Obtaining statistically random information from silicon physical unclonable functions

Abstract

Silicon physical unclonable functions (PUFs) utilize the variation during silicon fabrication process to extract information that will be unique for each chip. There have been many recent approaches to how PUF can be used to improve security-related applications. However, it is well known that the fabrication variation has very strong spatial correlation1 and this has been pointed out as a security threat to silicon PUF. In fact, when we apply NIST's statistical test suite for randomness against the random sequences generated from a population of 125 ring oscillator PUFs using classic 1-out-of-8 coding and neighbor coding, none of them can pass all the tests.

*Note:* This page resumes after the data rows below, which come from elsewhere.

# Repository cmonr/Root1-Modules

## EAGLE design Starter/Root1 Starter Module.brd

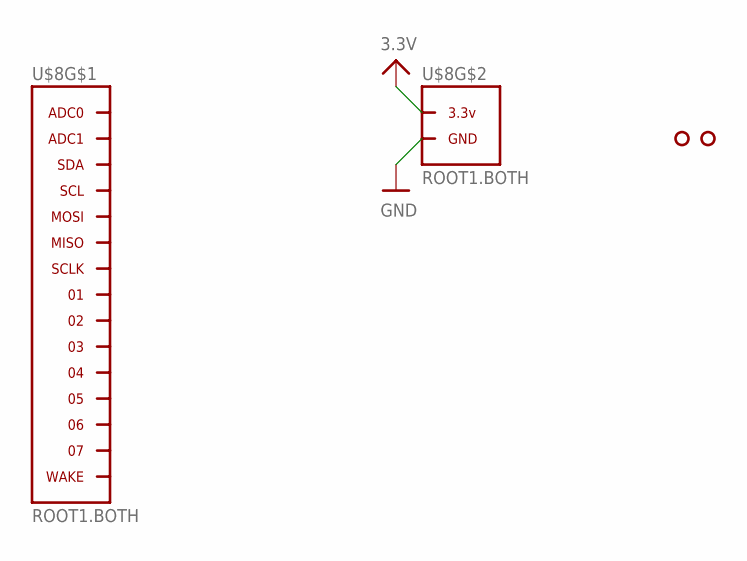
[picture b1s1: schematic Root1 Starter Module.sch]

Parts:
U$3, U$4: HOLE.2MM; 2MM
U$8: ROOT1.BOTH

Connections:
3.3V: U$8.3.3V@1 (3.3V), U$8.3.3V@2 (3.3V), U$8.3.3V@3 (3.3V), U$8.3.3V@4 (3.3V), U$8.3.3V@5 (3.3V), U$8.3.3V@6 (3.3V), U$8.3.3V@7 (3.3V), U$8.3.3V@8 (3.3V), U$8.3.3V@9 (3.3V), U$8.3.3V@10 (3.3V), U$8.3.3V@VIA (3.3V)
GND: U$8.GND@1 (GND), U$8.GND@2 (GND), U$8.GND@3 (GND), U$8.GND@4 (GND), U$8.GND@5 (GND), U$8.GND@6 (GND), U$8.GND@7 (GND), U$8.GND@8 (GND), U$8.GND@9 (GND), U$8.GND@10 (GND), U$8.GND@11 (GND), U$8.GND@12 (GND), U$8.GND@13 (GND), U$8.GND@14 (GND), U$8.GND@15 (GND), U$8.GND@16 (GND), U$8.GND@17 (GND), U$8.GND@18 (GND), U$8.GND@19 (GND), U$8.GND@20 (GND), U$8.GND@VIA (GND)
unnamed: U$8.ADC0, U$8.ADC0@1 (ADC0), U$8.ADC0@VIA (ADC0)
unnamed: U$8.ADC1, U$8.ADC1@1 (ADC1), U$8.ADC1@VIA (ADC1)
unnamed: U$8.SDA, U$8.SDA@1 (SDA), U$8.SDA@VIA (SDA)
unnamed: U$8.SCL, U$8.SCL@1 (SCL), U$8.SCL@VIA (SCL)
unnamed: U$8.MOSI, U$8.MOSI@1 (MOSI), U$8.MOSI@VIA (MOSI)
unnamed: U$8.MISO, U$8.MISO@1 (MISO), U$8.MISO@VIA (MISO)
unnamed: U$8.SCLK, U$8.SCLK@1 (SCLK), U$8.SCLK@VIA (SCLK)
unnamed: U$8.01, U$8.01@1 (01), U$8.01@VIA (01)
unnamed: U$8.02, U$8.02@1 (02), U$8.02@VIA (02)
unnamed: U$8.03, U$8.03@1 (03), U$8.03@VIA (03)
unnamed: U$8.04, U$8.04@1 (04), U$8.04@VIA (04)
unnamed: U$8.05, U$8.05@1 (05), U$8.05@VIA (05)
unnamed: U$8.06, U$8.06@1 (06), U$8.06@VIA (06)
unnamed: U$8.07, U$8.07@1 (07), U$8.07@VIA (07)
unnamed: U$8.WAKE, U$8.WAKE@1 (WAKE), U$8.WAKE@VIA (WAKE)

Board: 2 copper layers, 3 parts (0 on the bottom side), 17 nets, no tracks yet.

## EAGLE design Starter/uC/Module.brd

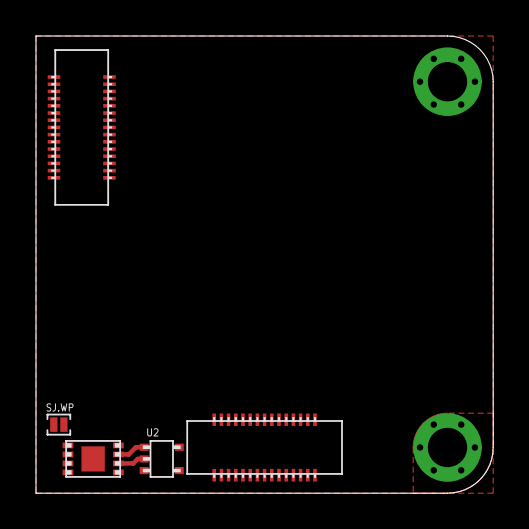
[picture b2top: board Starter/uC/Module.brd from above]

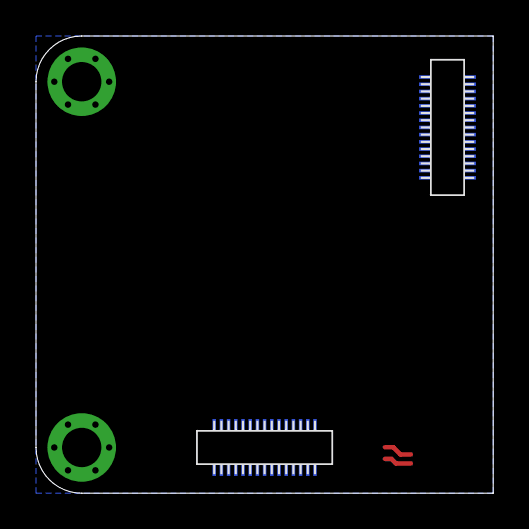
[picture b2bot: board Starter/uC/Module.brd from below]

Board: 2 copper layers, 25.4 x 25.4 mm, 7 parts (2 on the bottom side), 36 nets.

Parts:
J1, J2: DF40.30PIN.RECEPTACLE; DF40(XX)-30DS-0.4V
J3, J4: DF40.30PIN.HEADER; DF40(XX)-30DP-0.4V
SJ.WP: 2.MED
U1: CAT24CXX.UDFN; UDFN8.2X3MM
U2: NC7S86.SC70-5; SC70-5

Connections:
3.3V: J2.5, J4.1, J4.3, J4.5, J4.7, J4.9, J4.11, J4.13, J4.15, J4.17, J4.19, J4.21, J4.23, J4.25, U1.8, U2.6
A0: J2.3, J4.27, U1.1
A0.NEW: J2.1, J4.29, U2.4
A1: J2.4, J4.28, U1.2, U2.2
A2: J2.2, J4.30, U1.3, U2.1
ADC0: J1.2, J3.30
ADC1: J1.4, J3.28
GND: J1.3, J1.5, J1.7, J1.9, J1.11, J1.13, J1.15, J1.17, J1.19, J1.21, J1.23, J1.25, J1.27, J1.29, J3.1, J3.3, J3.5, J3.7, J3.9, J3.11, J3.13, J3.15, J3.17, J3.19, J3.21, J3.23, J3.25, J3.27, SJ.WP.2, U1.4, U1.PAD, U2.3
IO.0: J1.16, J3.16
IO.1: J1.18, J3.14
IO.2: J1.20, J3.12
IO.3: J1.22, J3.10
IO.4: J1.24, J3.8
IO.5: J1.26, J3.6
IO.6: J1.28, J3.4
IO.7: J1.30, J3.2
MISO: J1.12, J3.20
MOSI: J1.10, J3.22
unnamed: SJ.WP.1, U1.7
unnamed: J2.7, J2.9, J2.11, J2.13, J2.15, J2.17, J2.19, J2.21, J2.23, J2.25, J2.27, J2.29
N/C.0: J2.24, J4.8
N/C.1: J2.26, J4.6
N/C.2: J2.28, J4.4
N/C.3: J2.30, J4.2
RES.0: J2.14, J4.18
RES.1: J2.16, J4.16
RES.2: J2.18, J4.14
RES.3: J2.20, J4.12
RES.4: J2.22, J4.10
RXI: J1.8, J3.24
RXI.DBG: J2.12, J4.20
SCL: J2.8, J4.24, U1.6
SCLK: J1.14, J3.18
SDA: J2.6, J4.26, U1.5
TXO: J1.6, J3.26
TXO.DBG: J2.10, J4.22

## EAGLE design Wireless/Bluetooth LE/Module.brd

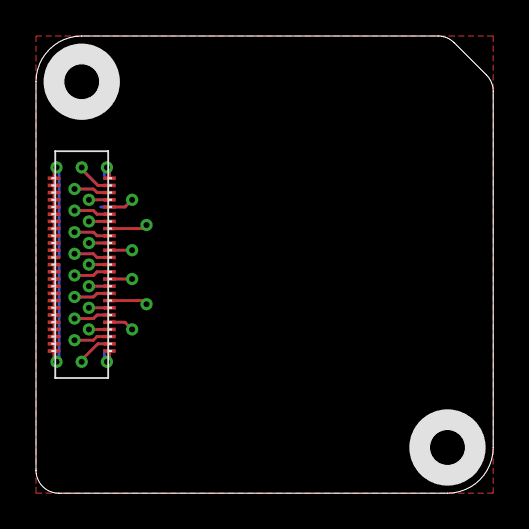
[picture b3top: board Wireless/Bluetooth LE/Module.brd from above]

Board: 2 copper layers, 25.4 x 25.4 mm, 3 parts (0 on the bottom side), 27 nets, no tracks yet.

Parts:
U$2: ROOT1.BOTH
U$3, U$4: HOLE.2MM; 2MM

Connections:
3.3V: U$2.3.3V@1, U$2.3.3V@2, U$2.3.3V@3, U$2.3.3V@4, U$2.3.3V@5, U$2.3.3V@6, U$2.3.3V@7, U$2.3.3V@8, U$2.3.3V@9, U$2.3.3V@10, U$2.3.3V@11, U$2.3.3V@12, U$2.3.3V@13, U$2.3.3V@14, U$2.3.3V@15, U$2.3.3V@16, U$2.3.3V@17, U$2.3.3V@18, U$2.3.3V@19, U$2.3.3V@20, U$2.3.3V@21, U$2.3.3V@22, U$2.3.3V@23, U$2.3.3V@24, U$2.3.3V@VIA
GND: U$2.GND@1, U$2.GND@2, U$2.GND@3, U$2.GND@4, U$2.GND@5, U$2.GND@6, U$2.GND@7, U$2.GND@8, U$2.GND@9, U$2.GND@10, U$2.GND@11, U$2.GND@12, U$2.GND@13, U$2.GND@14, U$2.GND@15, U$2.GND@16, U$2.GND@17, U$2.GND@18, U$2.GND@19, U$2.GND@20, U$2.GND@21, U$2.GND@22, U$2.GND@23, U$2.GND@24, U$2.GND@25, U$2.GND@26, U$2.GND@VIA
unnamed: U$2.04, U$2.04@1, U$2.04@VIA
unnamed: U$2.ADC1, U$2.ADC1@1, U$2.ADC1@VIA
unnamed: U$2.SDA, U$2.SDA@1, U$2.SDA@VIA
unnamed: U$2.SCL, U$2.SCL@1, U$2.SCL@VIA
unnamed: U$2.03, U$2.03@1, U$2.03@VIA
unnamed: U$2.MISO, U$2.MISO@1, U$2.MISO@VIA
unnamed: U$2.SCLK, U$2.SCLK@1, U$2.SCLK@VIA
unnamed: U$2.TXO, U$2.TXO@1, U$2.TXO@VIA
unnamed: U$2.RXI, U$2.RXI@1, U$2.RXI@VIA
unnamed: U$2.01, U$2.01@1, U$2.01@VIA
unnamed: U$2.02, U$2.02@1, U$2.02@VIA
unnamed: U$2.MOSI, U$2.MOSI@1, U$2.MOSI@VIA
unnamed: U$2.ADC0, U$2.ADC0@1, U$2.ADC0@VIA
unnamed: U$2.05, U$2.05@1, U$2.05@VIA
unnamed: U$2.06, U$2.06@1, U$2.06@VIA
unnamed: U$2.07, U$2.07@1, U$2.07@VIA
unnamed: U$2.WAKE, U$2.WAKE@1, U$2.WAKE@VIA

In this paper, we propose to decouple the unwanted systematic variation from the desired random variation through a regression-based distiller, where the basic idea is to build a model for the systematic variation so we can generate the random sequences only from the true random variation. Applying neighbor coding to the same benchmark data, our experiment shows that second- and third-order polynomials distill random sequences that pass all the NIST randomness tests. So does fourth-order polynomial in the case of 1-out-of-8 coding. Finally, we introduce two generic random sequence generation methods. The sequences they generate fail all the randomness tests, but with the help of our proposed polynomial distiller, all but one tests are passed. These results demonstrate that our method can provide statistically random PUF information and thus bolster the security characteristics of existing PUF schemes.